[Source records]
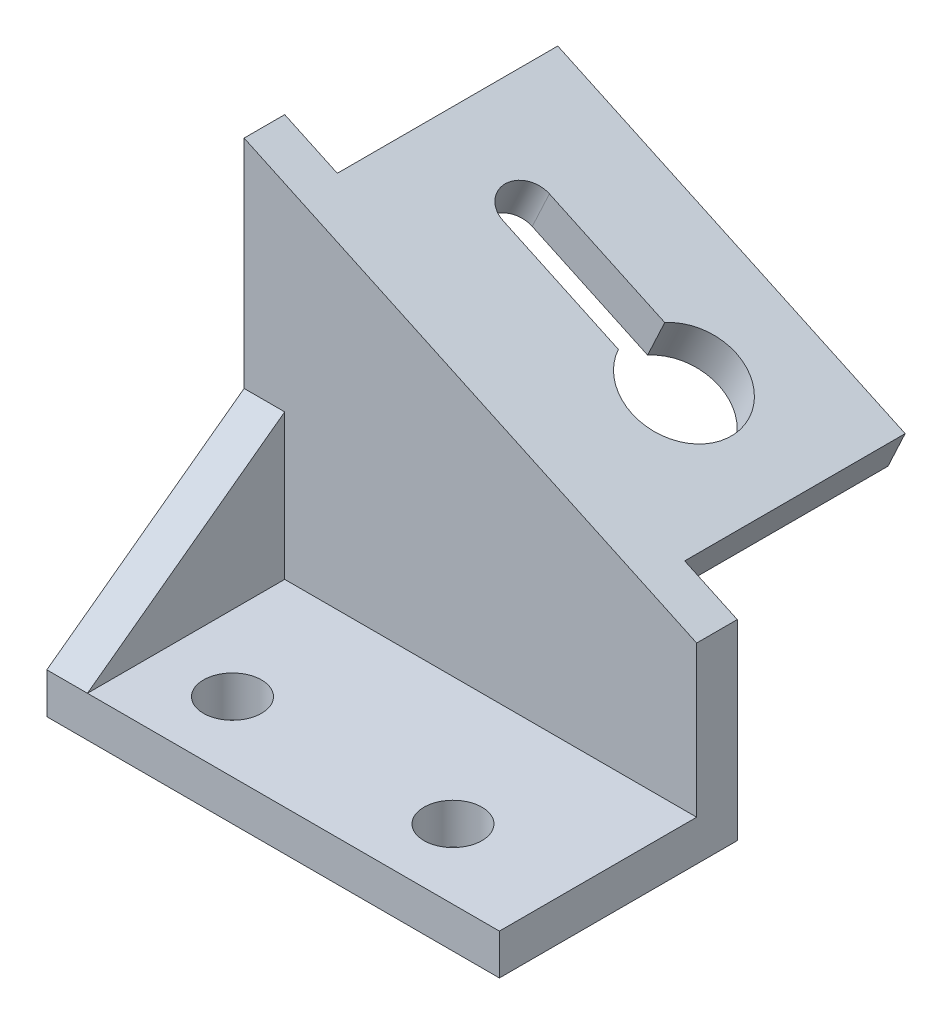
ISO-10303-21;
HEADER;
FILE_DESCRIPTION(('STEP AP214'),'2;1');
FILE_NAME('part.step','',(''),(''),'','','');
FILE_SCHEMA(('AUTOMOTIVE_DESIGN { 1 0 10303 214 1 1 1 1 }'));
ENDSEC;
DATA;
#1=APPLICATION_CONTEXT('core data for automotive mechanical design processes');
#2=APPLICATION_PROTOCOL_DEFINITION('international standard','automotive_design',2000,#1);
#3=PRODUCT_CONTEXT('',#1,'mechanical');
#4=PRODUCT('Part','Part','',(#3));
#5=PRODUCT_RELATED_PRODUCT_CATEGORY('part','',(#4));
#6=PRODUCT_DEFINITION_FORMATION('','',#4);
#7=PRODUCT_DEFINITION_CONTEXT('part definition',#1,'design');
#8=PRODUCT_DEFINITION('design','',#6,#7);
#9=PRODUCT_DEFINITION_SHAPE('','',#8);
#10=(LENGTH_UNIT() NAMED_UNIT(*) SI_UNIT(.MILLI.,.METRE.));
#11=(NAMED_UNIT(*) PLANE_ANGLE_UNIT() SI_UNIT($,.RADIAN.));
#12=(NAMED_UNIT(*) SI_UNIT($,.STERADIAN.) SOLID_ANGLE_UNIT());
#13=UNCERTAINTY_MEASURE_WITH_UNIT(LENGTH_MEASURE(1.E-05),#10,'distance_accuracy_value','');
#14=(GEOMETRIC_REPRESENTATION_CONTEXT(3) GLOBAL_UNCERTAINTY_ASSIGNED_CONTEXT((#13)) GLOBAL_UNIT_ASSIGNED_CONTEXT((#10,
#11,#12)) REPRESENTATION_CONTEXT('',''));
#15=CARTESIAN_POINT('',(0.,0.,0.));
#16=DIRECTION('',(0.,0.,1.));
#17=DIRECTION('',(1.,0.,0.));
#18=AXIS2_PLACEMENT_3D('',#15,#16,#17);
#19=CARTESIAN_POINT('',(78.,33.,-79.));
#20=DIRECTION('',(0.422618261740694,0.906307787036653,0.));
#21=DIRECTION('',(-0.906307787036653,0.422618261740694,0.));
#22=AXIS2_PLACEMENT_3D('',#19,#20,#21);
#23=PLANE('',#22);
#24=DIRECTION('',(0.906307787036652,-0.422618261740694,0.));
#25=VECTOR('',#24,1.);
#26=CARTESIAN_POINT('',(26.5710165336876,56.9817288414679,-41.));
#27=LINE('',#26,#25);
#28=CARTESIAN_POINT('',(68.9369221296335,37.226182617407,-41.));
#29=VERTEX_POINT('',#28);
#30=CARTESIAN_POINT('',(78.,33.,-41.));
#31=VERTEX_POINT('',#30);
#32=EDGE_CURVE('E178',#29,#31,#27,.T.);
#33=ORIENTED_EDGE('',*,*,#32,.F.);
#34=DIRECTION('',(0.,0.,1.));
#35=VECTOR('',#34,1.);
#36=CARTESIAN_POINT('',(68.9369221296335,37.226182617407,0.));
#37=LINE('',#36,#35);
#38=CARTESIAN_POINT('',(68.9369221296335,37.226182617407,-79.));
#39=VERTEX_POINT('',#38);
#40=EDGE_CURVE('E175',#39,#29,#37,.T.);
#41=ORIENTED_EDGE('',*,*,#40,.F.);
#42=DIRECTION('',(-0.906307787036653,0.422618261740694,0.));
#43=VECTOR('',#42,1.);
#44=CARTESIAN_POINT('',(78.,33.,-79.));
#45=LINE('',#44,#43);
#46=CARTESIAN_POINT('',(9.06307787036653,65.1458147186823,-79.));
#47=VERTEX_POINT('',#46);
#48=EDGE_CURVE('E244',#39,#47,#45,.T.);
#49=ORIENTED_EDGE('',*,*,#48,.T.);
#50=DIRECTION('',(0.,0.,1.));
#51=VECTOR('',#50,1.);
#52=CARTESIAN_POINT('',(9.06307787036657,65.1458147186824,0.));
#53=LINE('',#52,#51);
#54=CARTESIAN_POINT('',(9.06307787036656,65.1458147186824,-41.));
#55=VERTEX_POINT('',#54);
#56=EDGE_CURVE('E195',#47,#55,#53,.T.);
#57=ORIENTED_EDGE('',*,*,#56,.T.);
#58=DIRECTION('',(-0.906307787036652,0.422618261740694,0.));
#59=VECTOR('',#58,1.);
#60=CARTESIAN_POINT('',(26.5710165336877,56.9817288414679,-41.));
#61=LINE('',#60,#59);
#62=CARTESIAN_POINT('',(0.,69.3719973360893,-41.));
#63=VERTEX_POINT('',#62);
#64=EDGE_CURVE('E191',#55,#63,#61,.T.);
#65=ORIENTED_EDGE('',*,*,#64,.T.);
#66=DIRECTION('',(0.,0.,1.));
#67=VECTOR('',#66,1.);
#68=CARTESIAN_POINT('',(0.,69.3719973360893,-79.));
#69=LINE('',#68,#67);
#70=CARTESIAN_POINT('',(0.,69.3719973360893,-34.));
#71=VERTEX_POINT('',#70);
#72=EDGE_CURVE('E260',#63,#71,#69,.T.);
#73=ORIENTED_EDGE('',*,*,#72,.T.);
#74=DIRECTION('',(0.906307787036653,-0.422618261740694,0.));
#75=VECTOR('',#74,1.);
#76=CARTESIAN_POINT('',(78.,33.,-34.));
#77=LINE('',#76,#75);
#78=CARTESIAN_POINT('',(78.,33.,-34.));
#79=VERTEX_POINT('',#78);
#80=EDGE_CURVE('E234',#71,#79,#77,.T.);
#81=ORIENTED_EDGE('',*,*,#80,.T.);
#82=DIRECTION('',(0.,0.,1.));
#83=VECTOR('',#82,1.);
#84=CARTESIAN_POINT('',(78.,33.,-79.));
#85=LINE('',#84,#83);
#86=EDGE_CURVE('E264',#31,#79,#85,.T.);
#87=ORIENTED_EDGE('',*,*,#86,.F.);
#88=EDGE_LOOP('',(#33,#41,#49,#57,#65,#73,#81,#87));
#89=FACE_BOUND('',#88,.T.);
#90=CARTESIAN_POINT('',(23.6215327778009,58.3570957044417,-59.));
#91=DIRECTION('',(0.422618261740694,0.906307787036653,0.));
#92=DIRECTION('',(-0.906307787036653,0.422618261740694,0.));
#93=AXIS2_PLACEMENT_3D('',#90,#91,#92);
#94=CIRCLE('',#93,4.00000000000001);
#95=CARTESIAN_POINT('',(23.6215327778008,58.3570957044416,-63.));
#96=VERTEX_POINT('',#95);
#97=CARTESIAN_POINT('',(23.6215327778009,58.3570957044417,-55.));
#98=VERTEX_POINT('',#97);
#99=EDGE_CURVE('E345',#96,#98,#94,.T.);
#100=ORIENTED_EDGE('',*,*,#99,.F.);
#101=DIRECTION('',(0.906307787036652,-0.422618261740694,0.));
#102=VECTOR('',#101,1.);
#103=CARTESIAN_POINT('',(23.6215327778009,58.3570957044417,-63.));
#104=LINE('',#103,#102);
#105=CARTESIAN_POINT('',(43.5038794105209,49.0858052075122,-63.));
#106=VERTEX_POINT('',#105);
#107=EDGE_CURVE('E179',#96,#106,#104,.T.);
#108=ORIENTED_EDGE('',*,*,#107,.T.);
#109=CARTESIAN_POINT('',(50.8107663889004,45.6785478522209,-59.));
#110=DIRECTION('',(0.422618261740694,0.906307787036653,0.));
#111=DIRECTION('',(-0.906307787036653,0.422618261740694,0.));
#112=AXIS2_PLACEMENT_3D('',#109,#110,#111);
#113=CIRCLE('',#112,9.00000000000001);
#114=CARTESIAN_POINT('',(43.5038794105209,49.0858052075122,-55.));
#115=VERTEX_POINT('',#114);
#116=EDGE_CURVE('E185',#115,#106,#113,.T.);
#117=ORIENTED_EDGE('',*,*,#116,.F.);
#118=DIRECTION('',(0.906307787036652,-0.422618261740694,0.));
#119=VECTOR('',#118,1.);
#120=CARTESIAN_POINT('',(23.6215327778009,58.3570957044417,-55.));
#121=LINE('',#120,#119);
#122=EDGE_CURVE('E349',#98,#115,#121,.T.);
#123=ORIENTED_EDGE('',*,*,#122,.F.);
#124=EDGE_LOOP('',(#100,#108,#117,#123));
#125=FACE_BOUND('',#124,.T.);
#126=ADVANCED_FACE('F45',(#89,#125),#23,.T.);
#127=CARTESIAN_POINT('',(0.,0.,-79.));
#128=DIRECTION('',(-1.,0.,0.));
#129=DIRECTION('',(0.,0.,1.));
#130=AXIS2_PLACEMENT_3D('',#127,#128,#129);
#131=PLANE('',#130);
#132=DIRECTION('',(0.,-1.,0.));
#133=VECTOR('',#132,1.);
#134=CARTESIAN_POINT('',(0.,0.,-41.));
#135=LINE('',#134,#133);
#136=CARTESIAN_POINT('',(0.,0.,-41.));
#137=VERTEX_POINT('',#136);
#138=EDGE_CURVE('E54',#63,#137,#135,.T.);
#139=ORIENTED_EDGE('',*,*,#138,.T.);
#140=DIRECTION('',(0.,0.,1.));
#141=VECTOR('',#140,1.);
#142=CARTESIAN_POINT('',(0.,0.,-79.));
#143=LINE('',#142,#141);
#144=CARTESIAN_POINT('',(0.,0.,0.));
#145=VERTEX_POINT('',#144);
#146=EDGE_CURVE('E248',#137,#145,#143,.T.);
#147=ORIENTED_EDGE('',*,*,#146,.T.);
#148=DIRECTION('',(0.,-1.,0.));
#149=VECTOR('',#148,1.);
#150=CARTESIAN_POINT('',(0.,0.,0.));
#151=LINE('',#150,#149);
#152=CARTESIAN_POINT('',(0.,6.99999999999999,0.));
#153=VERTEX_POINT('',#152);
#154=EDGE_CURVE('E243',#153,#145,#151,.T.);
#155=ORIENTED_EDGE('',*,*,#154,.F.);
#156=DIRECTION('',(0.,0.592390450477518,-0.805651012649425));
#157=VECTOR('',#156,1.);
#158=CARTESIAN_POINT('',(0.,4.5435148792813,3.34081976417743));
#159=LINE('',#158,#157);
#160=CARTESIAN_POINT('',(0.,32.,-34.));
#161=VERTEX_POINT('',#160);
#162=EDGE_CURVE('E207',#153,#161,#159,.T.);
#163=ORIENTED_EDGE('',*,*,#162,.T.);
#164=DIRECTION('',(0.,-1.,0.));
#165=VECTOR('',#164,1.);
#166=CARTESIAN_POINT('',(0.,0.,-34.));
#167=LINE('',#166,#165);
#168=EDGE_CURVE('E204',#71,#161,#167,.T.);
#169=ORIENTED_EDGE('',*,*,#168,.F.);
#170=ORIENTED_EDGE('',*,*,#72,.F.);
#171=EDGE_LOOP('',(#139,#147,#155,#163,#169,#170));
#172=FACE_BOUND('',#171,.T.);
#173=ADVANCED_FACE('F47',(#172),#131,.T.);
#174=CARTESIAN_POINT('',(0.,0.,-79.));
#175=DIRECTION('',(0.,-1.,0.));
#176=DIRECTION('',(0.,0.,-1.));
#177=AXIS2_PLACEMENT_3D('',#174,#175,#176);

_Assigned task_: Give back exactly the lines above, from the line containing "#19=CARTESIAN_POINT('',(78.,33.,-79.));" through the line containing "#49=ORIENTED_EDGE('',*,*,#48,.T.);", with both end lines and nothing more.

_Written answer_:
#19=CARTESIAN_POINT('',(78.,33.,-79.));
#20=DIRECTION('',(0.422618261740694,0.906307787036653,0.));
#21=DIRECTION('',(-0.906307787036653,0.422618261740694,0.));
#22=AXIS2_PLACEMENT_3D('',#19,#20,#21);
#23=PLANE('',#22);
#24=DIRECTION('',(0.906307787036652,-0.422618261740694,0.));
#25=VECTOR('',#24,1.);
#26=CARTESIAN_POINT('',(26.5710165336876,56.9817288414679,-41.));
#27=LINE('',#26,#25);
#28=CARTESIAN_POINT('',(68.9369221296335,37.226182617407,-41.));
#29=VERTEX_POINT('',#28);
#30=CARTESIAN_POINT('',(78.,33.,-41.));
#31=VERTEX_POINT('',#30);
#32=EDGE_CURVE('E178',#29,#31,#27,.T.);
#33=ORIENTED_EDGE('',*,*,#32,.F.);
#34=DIRECTION('',(0.,0.,1.));
#35=VECTOR('',#34,1.);
#36=CARTESIAN_POINT('',(68.9369221296335,37.226182617407,0.));
#37=LINE('',#36,#35);
#38=CARTESIAN_POINT('',(68.9369221296335,37.226182617407,-79.));
#39=VERTEX_POINT('',#38);
#40=EDGE_CURVE('E175',#39,#29,#37,.T.);
#41=ORIENTED_EDGE('',*,*,#40,.F.);
#42=DIRECTION('',(-0.906307787036653,0.422618261740694,0.));
#43=VECTOR('',#42,1.);
#44=CARTESIAN_POINT('',(78.,33.,-79.));
#45=LINE('',#44,#43);
#46=CARTESIAN_POINT('',(9.06307787036653,65.1458147186823,-79.));
#47=VERTEX_POINT('',#46);
#48=EDGE_CURVE('E244',#39,#47,#45,.T.);
#49=ORIENTED_EDGE('',*,*,#48,.T.);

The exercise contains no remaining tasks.